Advanced Example Explanation

  • Outputs “Number: 123” by capturing the digit sequence.

Scanning for Matches

What is Scanning?

Scanning finds all occurrences of a pattern in a string.

Syntax

matches = string.scan(/pattern/)

matches.each { |match| puts match }

Detailed Explanation

  • The scan method returns an array of all matches.
  • Works well with simple patterns or grouped patterns.
  • Provides a structured way to extract multiple occurrences of data.

Example

matches = “123-456-789”.scan(/\d+/)

matches.each { |num| puts num }

Example Explanation

  • Outputs 123, 456, and 789 as separate matches.

Grouped Example

matches = “(1,2), (3,4)”.scan(/\((\d+),(\d+)\)/)

matches.each { |x, y| puts “Coordinates: \#{x}, \#{y}” }

Grouped Example Explanation

  • Outputs each pair of numbers as coordinates.

Substitution with sub and gsub

What is Substitution?

Substitution replaces matched patterns in a string.

Syntax

result = string.sub(/pattern/, ‘new’)

result = string.gsub(/pattern/, ‘new’)

Detailed Explanation

  • sub replaces the first match, while gsub replaces all matches.
  • Can use backreferences to include matched groups in the replacement.

Example

puts “abc-123”.sub(/\d+/, “XYZ”)

puts “abc-123-456”.gsub(/\d+/, “XYZ”)

Example Explanation

  • sub outputs “abc-XYZ”.
  • gsub outputs “abc-XYZ-XYZ”.

Advanced Example

puts “file123.txt”.gsub(/(\d+)/, ‘<>’)

Advanced Example Explanation

  • Wraps the digits in angle brackets, outputting “file<123>.txt”.

Named Captures

What are Named Captures?

Named captures label groups within a regex for easier access.

Syntax

pattern = /(?<area>\d{3})-(?<local>\d{4})/

if match = “123-4567”.match(pattern)

  puts “Area: \#{match[:area]}, Local: \#{match[:local]}”

end

Detailed Explanation

  • Use (?<name>pattern) to define named groups.
  • Access named groups using match[:name].
  • Improves readability and maintainability of regex patterns.

Example Explanation

  • Outputs “Area: 123, Local: 4567” by extracting named groups.

Advanced Usage

pattern = /(?<key>\w+): (?<value>\w+)/

“id: 123 name: Alice”.scan(pattern) do |key, value|

  puts “\#{key.capitalize}: \#{value}”

end

Advanced Example Explanation

  • Outputs “Id: 123” and “Name: Alice” by extracting and processing named groups.

Real-Life Project

Project Name: Email Validator

Project Goal

Create a program to validate email addresses using regular expressions.

Code for This Project

def valid_email?(email)

  pattern = /^[a-zA-Z0-9._%+-]+@[a-zA-Z0-9.-]+\.[a-zA-Z]{2,}$/

  !!(email =~ pattern)

end

emails = ["test@example.com", "invalid-email", "user@domain.org"]

emails.each do |email|

  puts "\#{email} is valid: \#{valid_email?(email)}"

end

Steps

  1. Define a regex pattern for valid email addresses.
  2. Create a method valid_email? to check emails against the pattern.
  3. Test the method with a list of email addresses.

Expected Output

test@example.com is valid: true

invalid-email is valid: false

user@domain.org is valid: true

Project Explanation

  • Demonstrates pattern matching for validating email addresses.
  • Highlights the use of regex in real-world scenarios.

Insights

Ruby Regular Expressions are a powerful tool for text processing.

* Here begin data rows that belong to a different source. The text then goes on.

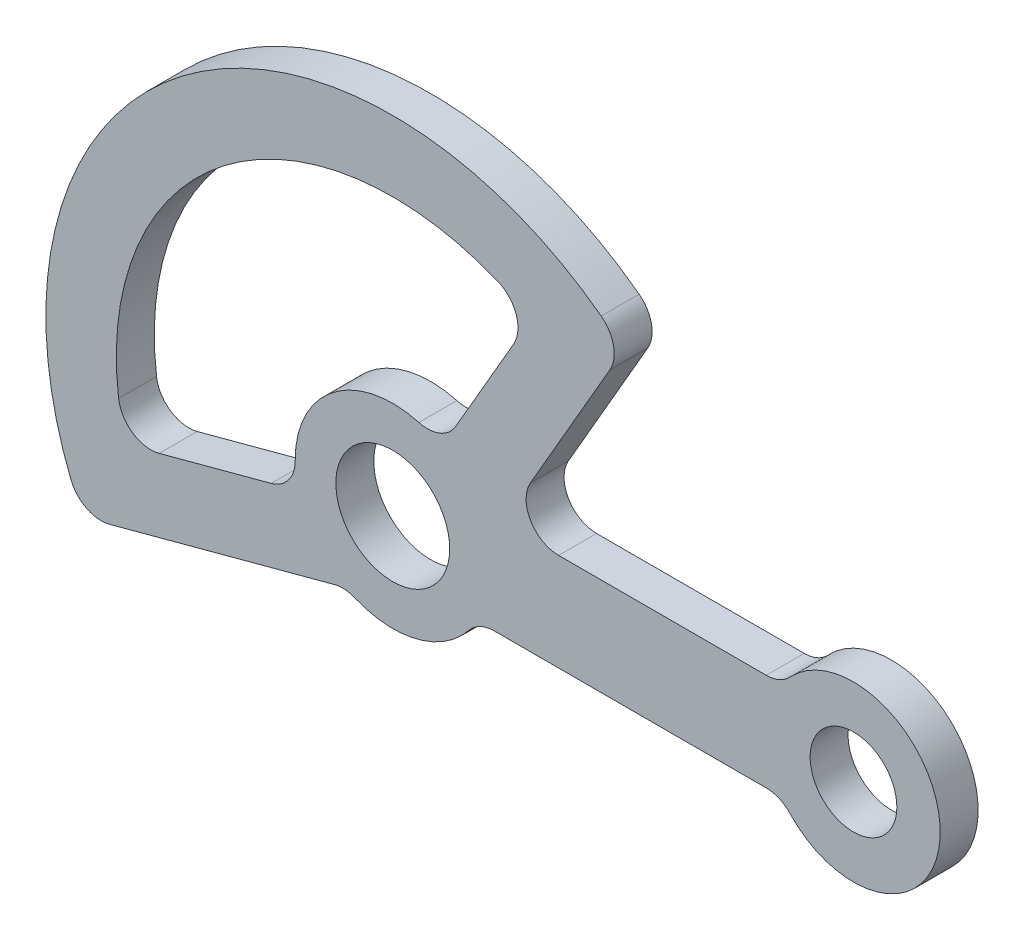
from build123d import *

# Parameters (mm, degrees)
SKETCH1_R           = 10.5
SKETCH1_R_2         = 8
BOSS_EXTRUDE1_DEPTH = 7


with BuildPart() as part:
    # Sketch1 → Boss-Extrude1 (new body)
    with BuildSketch(Plane.XY):
        with BuildLine():
            Line((-10.79860525, -16.352067901), (-52.24953322, -27.458810577))
            ThreePointArc((-52.24953322, -27.458810577), (-56.48282468, -27.031269974), (-59.368217921, -23.904282062))
            ThreePointArc((-59.368217921, -23.904282062), (-38.960731457, 50.774613779), (38.455388874, 51.158411493))
            ThreePointArc((38.455388874, 51.158411493), (40.729032534, 47.562011618), (40.04634859, 43.362310416))
            Line((40.04634859, 43.362310416), (25.403411844, 18))
            ThreePointArc((25.403411844, 18), (25.403411844, 12), (30.599564267, 9))
            Line((30.599564267, 9), (68.906523061, 9))
            ThreePointArc((68.906523061, 9), (71.299695166, 9.497934272), (73.295653135, 10.909090909))
            ThreePointArc((73.295653135, 10.909090909), (101, 0), (73.295653135, -10.909090909))
            ThreePointArc((73.295653135, -10.909090909), (71.299695166, -9.497934272), (68.906523061, -9))
            Line((68.906523061, -9), (18.734993995, -9))
            ThreePointArc((18.734993995, -9), (16.136917784, -9.591673087), (14.051245496, -11.25))
            ThreePointArc((14.051245496, -11.25), (4.455015534, -17.439978113), (-6.934268235, -16.610717144))
            ThreePointArc((-6.934268235, -16.610717144), (-8.844993295, -16.161017697), (-10.79860525, -16.352067901))
        make_face()
        Circle(SKETCH1_R, mode=Mode.SUBTRACT)
        with Locations((85, 0)):
            Circle(SKETCH1_R_2, mode=Mode.SUBTRACT)
        with BuildLine():
            Line((11.618950039, 20.124611797), (22.299103121, 38.623179569))
            ThreePointArc((22.299103121, 38.623179569), (22.781794932, 43.559859246), (19.383344125, 47.172936845))
            ThreePointArc((19.383344125, 47.172936845), (-31.046832879, 40.461020355), (-50.582336617, -6.513618221))
            ThreePointArc((-50.582336617, -6.513618221), (-47.971955445, -10.731402919), (-43.078559215, -11.542865153))
            Line((-43.078559215, -11.542865153), (-22.446087833, -6.014411108))
            ThreePointArc((-22.446087833, -6.014411108), (-19.222277472, -3.849682749), (-17.999251578, -0.164142113))
            ThreePointArc((-17.999251578, -0.164142113), (-10.957705722, 14.280360125), (4.817098212, 17.343458848))
            ThreePointArc((4.817098212, 17.343458848), (8.69359949, 17.570923037), (11.618950039, 20.124611797))
        make_face(mode=Mode.SUBTRACT)
    extrude(amount=BOSS_EXTRUDE1_DEPTH)


solid = part.part
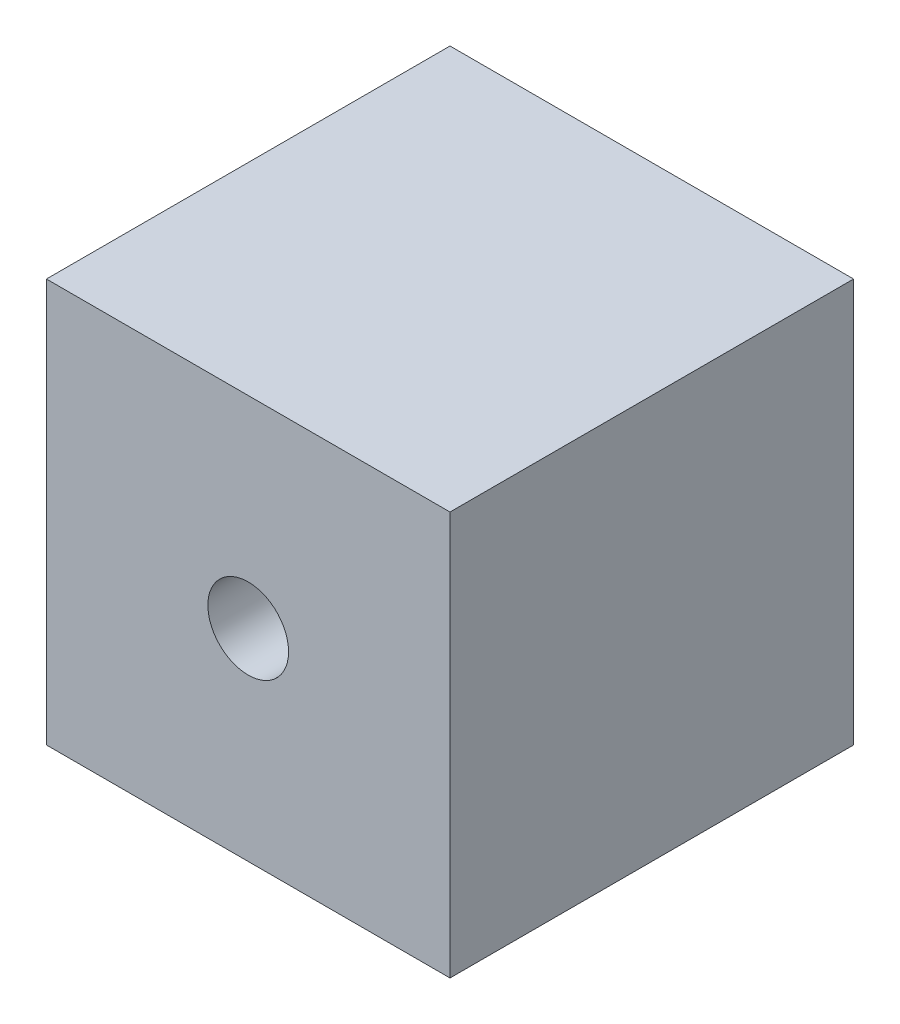
from build123d import *

# Parameters (mm, degrees)
ESQUISSE1_W             = 60
ESQUISSE1_H             = 60
BOSS_EXTRU_1_DEPTH      = 60
ESQUISSE2_R             = 6
ENL_V_MAT_EXTRU_1_DEPTH = 20
ESQUISSE3_R             = 6
ENL_V_MAT_EXTRU_2_DEPTH = 20


with BuildPart() as part:
    # Esquisse1 → Boss.-Extru.1 (new body)
    with BuildSketch(Plane(origin=(0, 0, 0), x_dir=(1, 0, 0), z_dir=(0, 1, 0))):
        with Locations((30, 30)):
            Rectangle(ESQUISSE1_W, ESQUISSE1_H)
    extrude(amount=BOSS_EXTRU_1_DEPTH)

    # Esquisse2 → Enlèv. mat.-Extru.1 (cut)
    with BuildSketch(Plane.XY):
        with Locations((30, 30)):
            Circle(ESQUISSE2_R)
    extrude(amount=-ENL_V_MAT_EXTRU_1_DEPTH, mode=Mode.SUBTRACT)

    # Esquisse3 → Enlèv. mat.-Extru.2 (cut)
    with BuildSketch(Plane.ZY):
        with Locations((-30, 30)):
            Circle(ESQUISSE3_R)
    extrude(amount=-ENL_V_MAT_EXTRU_2_DEPTH, mode=Mode.SUBTRACT)


solid = part.part

Understanding their syntax and methods enables efficient pattern matching and string manipulation.

Key Takeaways

  • Use regex for matching, extracting, and manipulating text.
  • Leverage methods like match, scan, sub, and gsub for regex operations.
  • Write clear and maintainable regex patterns to ensure readability.
  • Test regex patterns thoroughly to handle edge cases effectively.